# Rda help



## theoS (1/12/15)

Plz help me out how do i know what wire to use with what dia and amount of wraps to get the most vape if looked at the hole ohms law thing but still dont know what iys all about


----------



## Eequinox (1/12/15)

theoS said:


> Plz help me out how do i know what wire to use with what dia and amount of wraps to get the most vape if looked at the hole ohms law thing but still dont know what iys all about


like last time we need more info such as what mod? what rba ?or tank? what resistance do you prefer ?


----------



## theoS (1/12/15)

Eequinox said:


> like last time we need more info such as what mod? what rba ?or tank? what resistance do you prefer ?


i got a velocity that i whant to hit really low sub ohms and then i got a subtank mini and i prever 0.5 and lower


----------



## shaunnadan (1/12/15)

What mod do you have to power it off ?

Reactions: Agree 1


----------



## theoS (1/12/15)

shaunnadan said:


> What mod do you have to power it off ?


xcube 2


----------



## shaunnadan (1/12/15)

So your interested in blowing clouds brah? Cool stuff

You have a velocity and you want to sub ohm... Lekker .

The biggest thing we need to know is what mod you have. All of the build advise won't help much unless we know what your using to fire it up. 

So let's start at the beginning while I wait for your response ..... 

In the beginning "God created light " then came vaping.... Shortly after sub-ohm mods were available and it was good. 

So Moses came down the mountain and declared that sub-ohm vaping is any build that has a resistance lower than 1ohm. 

Lower resistance will give you more clouds, with a few other factors but that's all part of another chapter. 

The biggest concern we need to keep in mind is battery safety. 

The lower resistance does put a bigger strain on the battery and it's important to know that not batteries are created equally. 

So you have a mod and it has its own "safe" limits .

So if your mod has a minimum resistance that it can fire it would mean that the safest , highest rated batteries will allow you on a full charge to fire down to 0.x resistance. 

Now let's assume you have the safe batteries and a good mod, cool now we don't stress too much about ohms law and we look at the coil building. 

As long as you keep to those requirements then any build you do will either fire or not on your mod without it blowing up. 

Chapter 2 is where il talk about the wire and stuffs....

Reactions: Like 1 | Winner 1 | Funny 1


----------



## shaunnadan (1/12/15)

theoS said:


> xcube 2



Ok cool.
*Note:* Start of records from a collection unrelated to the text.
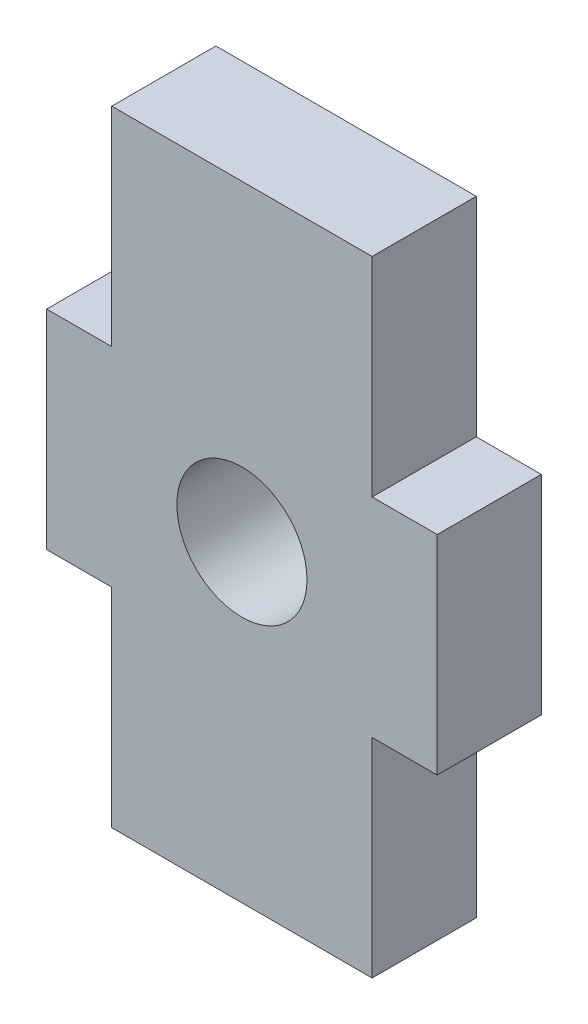
ISO-10303-21;
HEADER;
FILE_DESCRIPTION(('STEP AP214'),'2;1');
FILE_NAME('part.step','',(''),(''),'','','');
FILE_SCHEMA(('AUTOMOTIVE_DESIGN { 1 0 10303 214 1 1 1 1 }'));
ENDSEC;
DATA;
#1=APPLICATION_CONTEXT('core data for automotive mechanical design processes');
#2=APPLICATION_PROTOCOL_DEFINITION('international standard','automotive_design',2000,#1);
#3=PRODUCT_CONTEXT('',#1,'mechanical');
#4=PRODUCT('Part','Part','',(#3));
#5=PRODUCT_RELATED_PRODUCT_CATEGORY('part','',(#4));
#6=PRODUCT_DEFINITION_FORMATION('','',#4);
#7=PRODUCT_DEFINITION_CONTEXT('part definition',#1,'design');
#8=PRODUCT_DEFINITION('design','',#6,#7);
#9=PRODUCT_DEFINITION_SHAPE('','',#8);
#10=(LENGTH_UNIT() NAMED_UNIT(*) SI_UNIT(.MILLI.,.METRE.));
#11=(NAMED_UNIT(*) PLANE_ANGLE_UNIT() SI_UNIT($,.RADIAN.));
#12=(NAMED_UNIT(*) SI_UNIT($,.STERADIAN.) SOLID_ANGLE_UNIT());
#13=UNCERTAINTY_MEASURE_WITH_UNIT(LENGTH_MEASURE(1.E-05),#10,'distance_accuracy_value','');
#14=(GEOMETRIC_REPRESENTATION_CONTEXT(3) GLOBAL_UNCERTAINTY_ASSIGNED_CONTEXT((#13)) GLOBAL_UNIT_ASSIGNED_CONTEXT((#10,
#11,#12)) REPRESENTATION_CONTEXT('',''));
#15=CARTESIAN_POINT('',(0.,0.,0.));
#16=DIRECTION('',(0.,0.,1.));
#17=DIRECTION('',(1.,0.,0.));
#18=AXIS2_PLACEMENT_3D('',#15,#16,#17);
#19=CARTESIAN_POINT('',(0.,0.,2.));
#20=DIRECTION('',(0.,0.,-1.));
#21=DIRECTION('',(-1.,0.,0.));
#22=AXIS2_PLACEMENT_3D('',#19,#20,#21);
#23=PLANE('',#22);
#24=DIRECTION('',(0.,1.,0.));
#25=VECTOR('',#24,1.);
#26=CARTESIAN_POINT('',(1957.17680872112,1462.88411595094,2.));
#27=LINE('',#26,#25);
#28=CARTESIAN_POINT('',(1957.17680872112,1462.88411595094,2.));
#29=VERTEX_POINT('',#28);
#30=CARTESIAN_POINT('',(1957.17680872112,1466.88411595094,2.));
#31=VERTEX_POINT('',#30);
#32=EDGE_CURVE('E177',#29,#31,#27,.T.);
#33=ORIENTED_EDGE('',*,*,#32,.T.);
#34=DIRECTION('',(-1.,0.,0.));
#35=VECTOR('',#34,1.);
#36=CARTESIAN_POINT('',(1952.17680872112,1466.88411595094,2.));
#37=LINE('',#36,#35);
#38=CARTESIAN_POINT('',(1952.17680872112,1466.88411595094,2.));
#39=VERTEX_POINT('',#38);
#40=EDGE_CURVE('E105',#31,#39,#37,.T.);
#41=ORIENTED_EDGE('',*,*,#40,.T.);
#42=DIRECTION('',(0.,-1.,0.));
#43=VECTOR('',#42,1.);
#44=CARTESIAN_POINT('',(1952.17680872112,1462.88411595094,2.));
#45=LINE('',#44,#43);
#46=CARTESIAN_POINT('',(1952.17680872112,1462.88411595094,2.));
#47=VERTEX_POINT('',#46);
#48=EDGE_CURVE('E204',#39,#47,#45,.T.);
#49=ORIENTED_EDGE('',*,*,#48,.T.);
#50=DIRECTION('',(-1.,0.,0.));
#51=VECTOR('',#50,1.);
#52=CARTESIAN_POINT('',(1952.17680872112,1462.88411595094,2.));
#53=LINE('',#52,#51);
#54=CARTESIAN_POINT('',(1950.92680872112,1462.88411595094,2.));
#55=VERTEX_POINT('',#54);
#56=EDGE_CURVE('E223',#47,#55,#53,.T.);
#57=ORIENTED_EDGE('',*,*,#56,.T.);
#58=DIRECTION('',(0.,-1.,0.));
#59=VECTOR('',#58,1.);
#60=CARTESIAN_POINT('',(1950.92680872112,1462.88411595094,2.));
#61=LINE('',#60,#59);
#62=CARTESIAN_POINT('',(1950.92680872112,1458.88411595094,2.));
#63=VERTEX_POINT('',#62);
#64=EDGE_CURVE('E220',#55,#63,#61,.T.);
#65=ORIENTED_EDGE('',*,*,#64,.T.);
#66=DIRECTION('',(1.,0.,0.));
#67=VECTOR('',#66,1.);
#68=CARTESIAN_POINT('',(1952.17680872112,1458.88411595094,2.));
#69=LINE('',#68,#67);
#70=CARTESIAN_POINT('',(1952.17680872112,1458.88411595094,2.));
#71=VERTEX_POINT('',#70);
#72=EDGE_CURVE('E222',#63,#71,#69,.T.);
#73=ORIENTED_EDGE('',*,*,#72,.T.);
#74=DIRECTION('',(-2.22044604925031E-13,-1.,0.));
#75=VECTOR('',#74,1.);
#76=CARTESIAN_POINT('',(1952.17680872112,1458.88411595094,2.));
#77=LINE('',#76,#75);
#78=CARTESIAN_POINT('',(1952.17680872112,1454.88411595094,2.));
#79=VERTEX_POINT('',#78);
#80=EDGE_CURVE('E225',#71,#79,#77,.T.);
#81=ORIENTED_EDGE('',*,*,#80,.T.);
#82=DIRECTION('',(1.,0.,0.));
#83=VECTOR('',#82,1.);
#84=CARTESIAN_POINT('',(1952.17680872112,1454.88411595094,2.));
#85=LINE('',#84,#83);
#86=CARTESIAN_POINT('',(1957.17680872112,1454.88411595094,2.));
#87=VERTEX_POINT('',#86);
#88=EDGE_CURVE('E231',#79,#87,#85,.T.);
#89=ORIENTED_EDGE('',*,*,#88,.T.);
#90=DIRECTION('',(0.,1.,0.));
#91=VECTOR('',#90,1.);
#92=CARTESIAN_POINT('',(1957.17680872112,1458.88411595094,2.));
#93=LINE('',#92,#91);
#94=CARTESIAN_POINT('',(1957.17680872112,1458.88411595094,2.));
#95=VERTEX_POINT('',#94);
#96=EDGE_CURVE('E136',#87,#95,#93,.T.);
#97=ORIENTED_EDGE('',*,*,#96,.T.);
#98=DIRECTION('',(1.,0.,0.));
#99=VECTOR('',#98,1.);
#100=CARTESIAN_POINT('',(1957.17680872112,1458.88411595094,2.));
#101=LINE('',#100,#99);
#102=CARTESIAN_POINT('',(1958.42680872112,1458.88411595094,2.));
#103=VERTEX_POINT('',#102);
#104=EDGE_CURVE('E130',#95,#103,#101,.T.);
#105=ORIENTED_EDGE('',*,*,#104,.T.);
#106=DIRECTION('',(1.11022302462522E-13,1.,0.));
#107=VECTOR('',#106,1.);
#108=CARTESIAN_POINT('',(1958.42680872112,1462.88411595094,2.));
#109=LINE('',#108,#107);
#110=CARTESIAN_POINT('',(1958.42680872112,1462.88411595094,2.));
#111=VERTEX_POINT('',#110);
#112=EDGE_CURVE('E134',#103,#111,#109,.T.);
#113=ORIENTED_EDGE('',*,*,#112,.T.);
#114=DIRECTION('',(-1.,0.,0.));
#115=VECTOR('',#114,1.);
#116=CARTESIAN_POINT('',(1957.17680872112,1462.88411595094,2.));
#117=LINE('',#116,#115);
#118=EDGE_CURVE('E50',#111,#29,#117,.T.);
#119=ORIENTED_EDGE('',*,*,#118,.T.);
#120=EDGE_LOOP('',(#33,#41,#49,#57,#65,#73,#81,#89,#97,#105,#113,#119));
#121=FACE_BOUND('',#120,.T.);
#122=CARTESIAN_POINT('',(1954.67680872112,1460.88411595095,2.));
#123=DIRECTION('',(0.,0.,1.));
#124=DIRECTION('',(1.,0.,0.));
#125=AXIS2_PLACEMENT_3D('',#122,#123,#124);
#126=CIRCLE('',#125,1.24999999999997);
#127=CARTESIAN_POINT('',(1955.92680872112,1460.88411595095,2.));
#128=VERTEX_POINT('',#127);
#129=EDGE_CURVE('E158',#128,#128,#126,.T.);
#130=ORIENTED_EDGE('',*,*,#129,.F.);
#131=EDGE_LOOP('',(#130));
#132=FACE_BOUND('',#131,.T.);
#133=ADVANCED_FACE('F33',(#121,#132),#23,.F.);
#134=CARTESIAN_POINT('',(0.,0.,0.));
#135=DIRECTION('',(0.,0.,-1.));
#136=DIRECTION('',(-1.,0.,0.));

Now we can get things started ...

What wire do you have with you ?


----------



## shaunnadan (1/12/15)

chapter 2.... pulling the wire (",)

for clouds you want low resistance, a coil with a big surface area, POWER ! wicking to keep up with that power, and a decent pair of lungs.

lets start with the resistance. the thicker the wire the lower the resistance this coupled with the fact that you need alot of wraps creates a unique problem called "ramp up" your monster coil has so much wire that you need more power in it to fire... 

your subtank needed 35W on a 0.5ohm coil to fire.... my velocity needs 180W on a 0.08ohm coil to fire !

so you push up the power to accommodate for the ramp up time and now you coils are glowing hot ! nice 

we need to wick it up and juice that sucker.... for high power i would recommend 3mm diameter coils as a minimum and decent cotton. any thing smaller is going to dry hit when you really pushing it. *** look up Scottish wicking

so this is a good starter coil >

3mm id 26g kanthal, with 8 wraps per side. 

more advanced coil >

3.5mm id, 26g kanthal, 7 wraps parallel (14 wraps per side)

super coil >

3.5mm id, staged clapton(30 over 26) with 24g nichrome 8 wraps per side....


happy vaping buddy

Reactions: Like 1


----------



## theoS (1/12/15)

okay i got a clapton and 24 gauge so i have to use 7-wraps om a 3 3.5 dia


----------



## zadiac (1/12/15)

Gonna leave this one in your capable hands @shaunnadan . Just remember to advise him on safety.

Going sub-ohm from the start is normally not advisable @theoS , but if you insist, then so be it.

I'm off to bed. Work early tomorrow.


----------



## theoS (2/12/15)

okay what the story with safty then im using an xcube not a mech mod do and im using samsung 25r


----------



## Silver (2/12/15)

Thread moved to "ask vape veteran" because it was in the Eciggies subforum

Reactions: Like 1


----------



## Silver (2/12/15)

theoS said:


> okay what the story with safty then im using an xcube not a mech mod do and im using samsung 25r



Hi @theoS, if you using a good regulated mod, then safety is partly taken care of
As long as your batteries can handle the maximum current draw situation (at the lowest resistance you go) then it should be fine. The mod should have short circuit protection built in. 

I think the danger of mech mods comes in when you have a short and it just keeps on firing and even more dangerous with tube mech mods that dont have enough venting holes.


----------



## theoS (2/12/15)

Thanks for the help guys will try bulding on the dripper tonight


----------